Analysis and optimization of the selective crushing process based on high voltage pulse energy

Abstract

With the development of photovoltaic (PV) energy, the recycling technology of end-of-life PV panels has received much attention; the existing recycling methods have various limitations. In this study, high-voltage pulse energy was used to crush PV panels, and the microscopic morphology, particle size structure, and elemental composition of the crushed products were analyzed. The liberation process and element enrichment during the high-voltage pulse crushing of PV panels were studied, the effect of each parameter on the selective crushing degree of high-voltage pulse crushing PV panels was obtained. Furthermore, a collaborative optimization study was carried out on the degree of selective crushing of various operating parameters. The significance order of the effect of various factors and the mathematical correlation between them were obtained. The best combination of operating parameters was obtained.

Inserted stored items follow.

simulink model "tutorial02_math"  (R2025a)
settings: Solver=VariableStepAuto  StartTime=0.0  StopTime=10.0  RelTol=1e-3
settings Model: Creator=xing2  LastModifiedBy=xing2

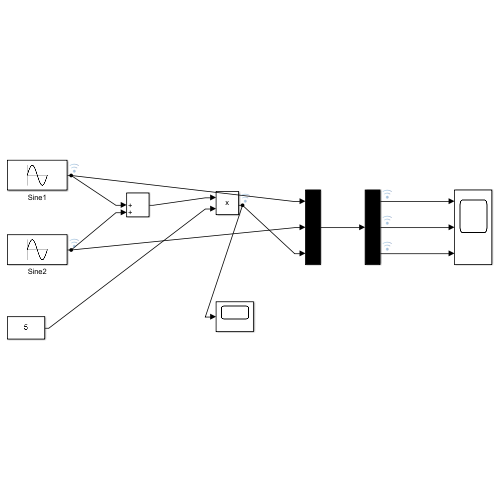
[thumbnail: Simulink's stored preview of the top-level diagram]
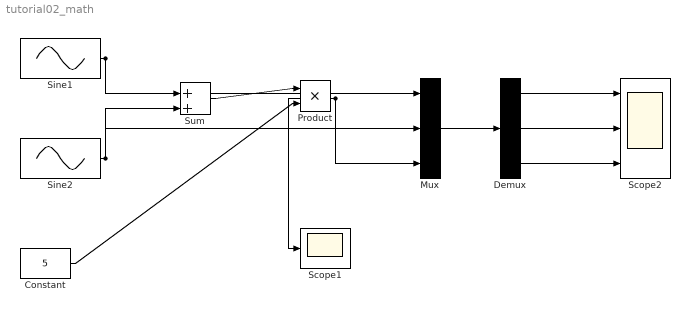
== system tutorial02_math ==
  Constant : Constant  Value=5
  Demux : Demux  Outputs=3
  Mux : Mux  Inputs=3
  Product : Product
  Scope1 : Scope
  Scope2 : Scope  NumInputPorts=3
  Sine1 : Sin  SampleTime=0
  Sine2 : Sin  Frequency=3  SampleTime=0
  Sum : Sum  Inputs=|++
  wires:
  Sine1/1 -> Sum/1, Mux/1
  Sine2/1 -> Sum/2, Mux/2
  Sum/1 -> Product/1
  Constant/1 -> Product/2
  Product/1 -> Scope1/1, Mux/3
  Mux/1 -> Demux/1
  Demux/1 -> Scope2/1
  Demux/2 -> Scope2/2
  Demux/3 -> Scope2/3
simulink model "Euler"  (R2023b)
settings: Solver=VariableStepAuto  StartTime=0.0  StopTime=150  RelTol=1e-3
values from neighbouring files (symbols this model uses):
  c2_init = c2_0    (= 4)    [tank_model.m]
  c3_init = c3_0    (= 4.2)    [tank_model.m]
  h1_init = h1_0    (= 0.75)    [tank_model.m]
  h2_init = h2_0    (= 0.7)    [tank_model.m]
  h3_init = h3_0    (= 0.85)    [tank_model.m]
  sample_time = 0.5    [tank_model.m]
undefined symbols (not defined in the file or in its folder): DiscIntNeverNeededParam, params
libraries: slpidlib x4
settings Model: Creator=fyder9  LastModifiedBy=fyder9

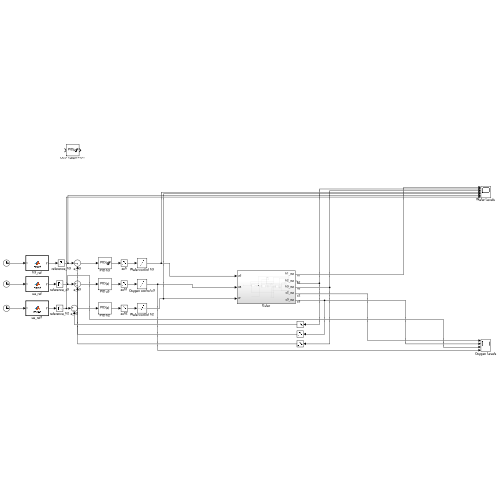
[thumbnail: Simulink's stored preview of the top-level diagram]
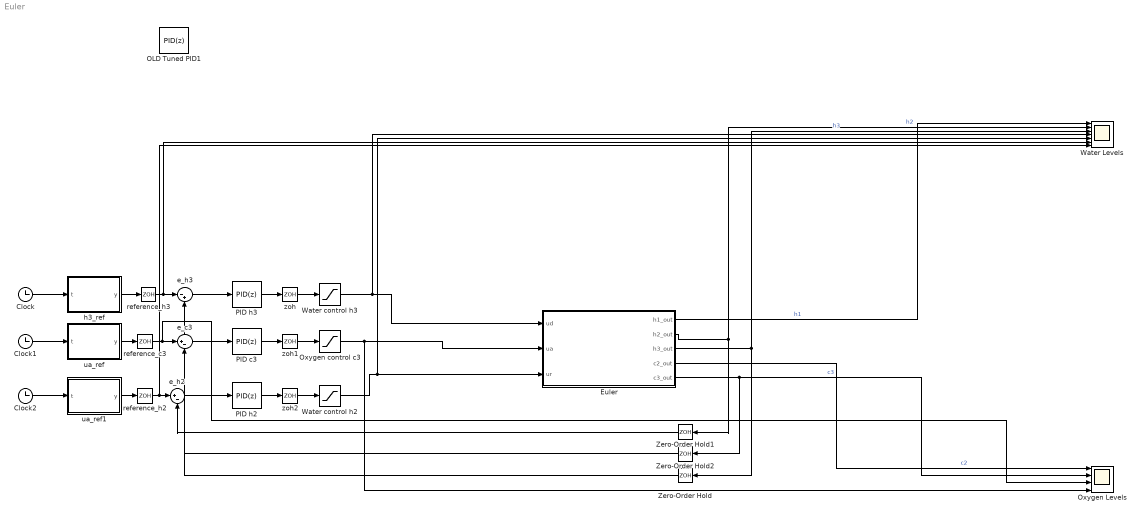
== system Euler ==
  Clock : Clock
  Clock1 : Clock
  Clock2 : Clock
  Euler : Subsystem
  OLD Tuned PID1 : slpidlib/PID Controller  Controller=PID  Form=Parallel  TimeDomain=Discrete-time  UseExternalTs=off  SampleTime=-1  IntegratorMethod=Forward Euler  FilterMethod=Forward Euler  ControllerParametersSource=internal  P=4.67716748427759  I=1.09175963093947  UseKiTs=off  D=3.88894553033778  N=6.50572443588666  UseFilter=on  TunerSelectOption=Transfer Function Based (PID Tuner App)  InitialConditionSource=internal  InitialConditionForIntegrator=0  InitialConditionForFilter=0  DifferentiatorICPrevScaledInput=0  ExternalReset=none  TrackingMode=off  Kt=1  LimitOutput=on  SatLimitsSource=internal  UpperSaturationLimit=inf  LowerSaturationLimit=-inf  LinearizeAsGain=on  AntiWindupMode=clamping  Kb=1  LimitIntegrator=off  UpperIntegratorSaturationLimit=inf  LowerIntegratorSaturationLimit=-inf  POutMin=[]  POutMax=[]  IOutMin=[]  IOutMax=[]  DOutMin=[]  DOutMax=[]  NOutMin=[]  NOutMax=[]  SumOutMin=[]  SumOutMax=[]  SaturationOutMin=[]  SaturationOutMax=[]  PParamMin=[]  PParamMax=[]  IParamMin=[]  IParamMax=[]  DParamMin=[]  DParamMax=[]  NParamMin=[]  NParamMax=[]  KbParamMin=[]  KbParamMax=[]  KtParamMin=[]  KtParamMax=[]  KbOutMin=[]  KbOutMax=[]  KtOutMin=[]  KtOutMax=[]  IntegratorOutMin=[]  IntegratorOutMax=[]  FilterOutMin=[]  FilterOutMax=[]  SumI1OutMin=[]  SumI1OutMax=[]  SumI2OutMin=[]  SumI2OutMax=[]  SumI3OutMin=[]  SumI3OutMax=[]  SumI4OutMin=[]  SumI4OutMax=[]  SumDOutMin=[]  SumDOutMax=[]  DifferentiatorOutMin=[]  DifferentiatorOutMax=[]  FilterDiffOutCoefMin=[]  FilterDiffOutCoefMax=[]  ReciprocalOutMin=[]  ReciprocalOutMax=[]  SumDenOutMin=[]  SumDenOutMax=[]  SumNumOutMin=[]  SumNumOutMax=[]  DivideOutMin=[]  DivideOutMax=[]  UdiffTsProdOutMin=[]  UdiffTsProdOutMax=[]  NTsProdOutMin=[]  NTsProdOutMax=[]  UintegralTsProdOutMin=[]  UintegralTsProdOutMax=[]  UngainTsProdOutMin=[]  UngainTsProdOutMax=[]  ClampingZeroOutDataTypeStr=Inherit: Inherit via back propagation  ClampingZeroOutMin=[]  ClampingZeroOutMax=[]  FilterDenConstantOutDataTypeStr=Inherit: Inherit via back propagation  FilterDenConstantOutMin=[]  FilterDenConstantOutMax=[]  PCopyOutDataTypeStr=Inherit: Inherit via back propagation  PCopyOutMin=[]  PCopyOutMax=[]  NCopyOutDataTypeStr=Inherit: Inherit via back propagation  NCopyOutMin=[]  NCopyOutMax=[]  IntegratorContinuousStateAttributes=''  IntegratorStateMustResolveToSignalObject=off  IntegratorRTWStateStorageClass=Auto  FilterContinuousStateAttributes=''  FilterStateMustResolveToSignalObject=off  FilterRTWStateStorageClass=Auto  ParallelPVariant=InternalParameters  IdealPVariant=Disabled  IVariant=InternalParameters  DVariant=InternalParameters  IntegratorVariant=Discrete  SatVariant=Enabled  AWVariant=DiscClampingParallel  PCopyVariant=Disabled  TRVariant=Disabled  FdbkBlocksVariant=Forward  IdealPFdbkVariant=Disabled  SatFdbkVariant=Disabled  DerivativeFilterVariant=ForwardEulerFilter  NVariant=InternalParameters  NCopyVariant=Disabled  FilterICVariant=InternalICsFilter  IntegratorICVariant=InternalICs  ExternalResetVariant=Disabled  TRSumVariant=Passthrough  SumFdbkVariant=Disabled  SumVariant=Sum_PID  TsampFilterVariant=InternalTs  TsampNgainVariant=Passthrough  TsampIntegralVariant=Disabled_SignalSpec  ExternalSaturationOutDataTypeStr=Inherit: Same as second input
  Oxygen Levels : Scope  NumInputPorts=4
  Oxygen control c3 : Saturate  UpperLimit=1  LowerLimit=0  LinearizeAsGain=off
  PID c3 : slpidlib/PID Controller  Controller=PID  Form=Parallel  TimeDomain=Discrete-time  UseExternalTs=off  SampleTime=-1  IntegratorMethod=Forward Euler  FilterMethod=Forward Euler  ControllerParametersSource=internal  P=0.1  I=0.02  UseKiTs=off  D=0  N=100  UseFilter=on  TunerSelectOption=Transfer Function Based (PID Tuner App)  InitialConditionSource=internal  InitialConditionForIntegrator=0  InitialConditionForFilter=0  DifferentiatorICPrevScaledInput=0  ExternalReset=none  TrackingMode=off  Kt=1  LimitOutput=off  SatLimitsSource=internal  UpperSaturationLimit=inf  LowerSaturationLimit=-inf  LinearizeAsGain=off  AntiWindupMode=none  Kb=1  LimitIntegrator=off  UpperIntegratorSaturationLimit=inf  LowerIntegratorSaturationLimit=-inf  POutMin=[]  POutMax=[]  IOutMin=[]  IOutMax=[]  DOutMin=[]  DOutMax=[]  NOutMin=[]  NOutMax=[]  SumOutMin=[]  SumOutMax=[]  SaturationOutMin=[]  SaturationOutMax=[]  PParamMin=[]  PParamMax=[]  IParamMin=[]  IParamMax=[]  DParamMin=[]  DParamMax=[]  NParamMin=[]  NParamMax=[]  KbParamMin=[]  KbParamMax=[]  KtParamMin=[]  KtParamMax=[]  KbOutMin=[]  KbOutMax=[]  KtOutMin=[]  KtOutMax=[]  IntegratorOutMin=[]  IntegratorOutMax=[]  FilterOutMin=[]  FilterOutMax=[]  SumI1OutMin=[]  SumI1OutMax=[]  SumI2OutMin=[]  SumI2OutMax=[]  SumI3OutMin=[]  SumI3OutMax=[]  SumI4OutMin=[]  SumI4OutMax=[]  SumDOutMin=[]  SumDOutMax=[]  DifferentiatorOutMin=[]  DifferentiatorOutMax=[]  FilterDiffOutCoefMin=[]  FilterDiffOutCoefMax=[]  ReciprocalOutMin=[]  ReciprocalOutMax=[]  SumDenOutMin=[]  SumDenOutMax=[]  SumNumOutMin=[]  SumNumOutMax=[]  DivideOutMin=[]  DivideOutMax=[]  UdiffTsProdOutMin=[]  UdiffTsProdOutMax=[]  NTsProdOutMin=[]  NTsProdOutMax=[]  UintegralTsProdOutMin=[]  UintegralTsProdOutMax=[]  UngainTsProdOutMin=[]  UngainTsProdOutMax=[]  ClampingZeroOutDataTypeStr=Inherit: Inherit via back propagation  ClampingZeroOutMin=[]  ClampingZeroOutMax=[]  FilterDenConstantOutDataTypeStr=Inherit: Inherit via back propagation  FilterDenConstantOutMin=[]  FilterDenConstantOutMax=[]  PCopyOutDataTypeStr=Inherit: Inherit via back propagation  PCopyOutMin=[]  PCopyOutMax=[]  NCopyOutDataTypeStr=Inherit: Inherit via back propagation  NCopyOutMin=[]  NCopyOutMax=[]  IntegratorContinuousStateAttributes=''  IntegratorStateMustResolveToSignalObject=off  IntegratorRTWStateStorageClass=Auto  FilterContinuousStateAttributes=''  FilterStateMustResolveToSignalObject=off  FilterRTWStateStorageClass=Auto  ParallelPVariant=InternalParameters  IdealPVariant=Disabled  IVariant=InternalParameters  DVariant=InternalParameters  IntegratorVariant=Discrete  SatVariant=Disabled  AWVariant=Passthrough  PCopyVariant=Disabled  TRVariant=Disabled  FdbkBlocksVariant=Forward  IdealPFdbkVariant=Disabled  SatFdbkVariant=Disabled  DerivativeFilterVariant=ForwardEulerFilter  NVariant=InternalParameters  NCopyVariant=Disabled  FilterICVariant=InternalICsFilter  IntegratorICVariant=InternalICs  ExternalResetVariant=Disabled  TRSumVariant=Passthrough  SumFdbkVariant=Disabled  SumVariant=Sum_PID  TsampFilterVariant=InternalTs  TsampNgainVariant=Passthrough  TsampIntegralVariant=Disabled_SignalSpec  ExternalSaturationOutDataTypeStr=Inherit: Same as second input
      settings: LibrarySourceBlock=simulink/Discrete/Discrete PID Controller
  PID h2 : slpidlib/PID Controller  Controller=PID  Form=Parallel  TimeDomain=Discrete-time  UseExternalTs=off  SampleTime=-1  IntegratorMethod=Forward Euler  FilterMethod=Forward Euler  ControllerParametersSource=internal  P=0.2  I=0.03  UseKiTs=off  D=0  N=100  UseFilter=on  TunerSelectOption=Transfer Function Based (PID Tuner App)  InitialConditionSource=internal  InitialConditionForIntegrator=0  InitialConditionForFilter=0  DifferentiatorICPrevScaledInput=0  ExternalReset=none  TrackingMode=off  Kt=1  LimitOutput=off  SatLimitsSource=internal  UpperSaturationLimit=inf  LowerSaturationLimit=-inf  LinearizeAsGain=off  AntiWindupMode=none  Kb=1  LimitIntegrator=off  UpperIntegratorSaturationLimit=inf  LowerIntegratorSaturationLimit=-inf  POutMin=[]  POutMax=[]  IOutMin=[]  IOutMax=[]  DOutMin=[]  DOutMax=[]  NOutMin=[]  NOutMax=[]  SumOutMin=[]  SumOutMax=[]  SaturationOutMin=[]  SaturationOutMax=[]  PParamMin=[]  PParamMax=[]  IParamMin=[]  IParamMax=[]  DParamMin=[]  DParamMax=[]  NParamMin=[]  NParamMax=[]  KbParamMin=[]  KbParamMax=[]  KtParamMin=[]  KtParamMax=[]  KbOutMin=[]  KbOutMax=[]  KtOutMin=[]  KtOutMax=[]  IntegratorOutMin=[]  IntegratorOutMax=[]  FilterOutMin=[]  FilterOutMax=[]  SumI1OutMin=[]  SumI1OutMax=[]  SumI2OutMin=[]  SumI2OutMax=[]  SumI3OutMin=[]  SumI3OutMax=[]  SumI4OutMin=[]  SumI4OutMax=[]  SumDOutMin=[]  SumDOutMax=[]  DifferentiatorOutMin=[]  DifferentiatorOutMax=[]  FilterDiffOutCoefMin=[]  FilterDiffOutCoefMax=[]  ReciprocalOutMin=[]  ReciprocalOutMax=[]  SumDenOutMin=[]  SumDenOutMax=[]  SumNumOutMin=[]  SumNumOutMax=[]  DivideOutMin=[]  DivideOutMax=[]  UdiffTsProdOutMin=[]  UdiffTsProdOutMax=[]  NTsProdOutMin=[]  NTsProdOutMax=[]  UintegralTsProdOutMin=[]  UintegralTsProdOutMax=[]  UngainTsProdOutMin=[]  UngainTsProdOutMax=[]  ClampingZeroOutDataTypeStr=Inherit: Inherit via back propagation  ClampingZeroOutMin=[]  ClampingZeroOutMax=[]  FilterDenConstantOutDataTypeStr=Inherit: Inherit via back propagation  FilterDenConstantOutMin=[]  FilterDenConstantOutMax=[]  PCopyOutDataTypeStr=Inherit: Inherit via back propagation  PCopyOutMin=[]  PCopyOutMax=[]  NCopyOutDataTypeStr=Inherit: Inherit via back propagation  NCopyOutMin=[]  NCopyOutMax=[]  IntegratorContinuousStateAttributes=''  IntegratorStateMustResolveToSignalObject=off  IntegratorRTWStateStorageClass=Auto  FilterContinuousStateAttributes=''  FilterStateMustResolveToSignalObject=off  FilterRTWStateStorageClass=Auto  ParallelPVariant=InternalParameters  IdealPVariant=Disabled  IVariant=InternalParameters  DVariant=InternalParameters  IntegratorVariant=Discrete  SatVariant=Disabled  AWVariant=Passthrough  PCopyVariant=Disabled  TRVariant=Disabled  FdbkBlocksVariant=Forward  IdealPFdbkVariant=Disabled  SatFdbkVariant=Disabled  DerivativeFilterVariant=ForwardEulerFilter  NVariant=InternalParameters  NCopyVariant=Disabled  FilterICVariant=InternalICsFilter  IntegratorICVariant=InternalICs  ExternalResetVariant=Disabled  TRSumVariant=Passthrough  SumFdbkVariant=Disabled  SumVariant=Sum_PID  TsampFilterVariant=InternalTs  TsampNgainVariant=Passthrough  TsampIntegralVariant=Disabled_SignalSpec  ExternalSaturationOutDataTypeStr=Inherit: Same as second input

The test results indicate that the source of high-efficiency liberation and element enrichment during the high-voltage pulse crushing of PV panels is the interface crushing and sequential selective crushing characteristics of high-voltage pulses. With the increase in electrode gap, the degree of selective crushing shows a increasing trend. As the voltage and pulses number increases, the degree of selective crushing first increases and then decreases. The significance of influence of each factor decreases in the following order: voltage > electrode gap > pulse number. When the operating conditions are 170 kV, 50 pulses, and 25 mm, the degree of selective crushing of product reached the maximum.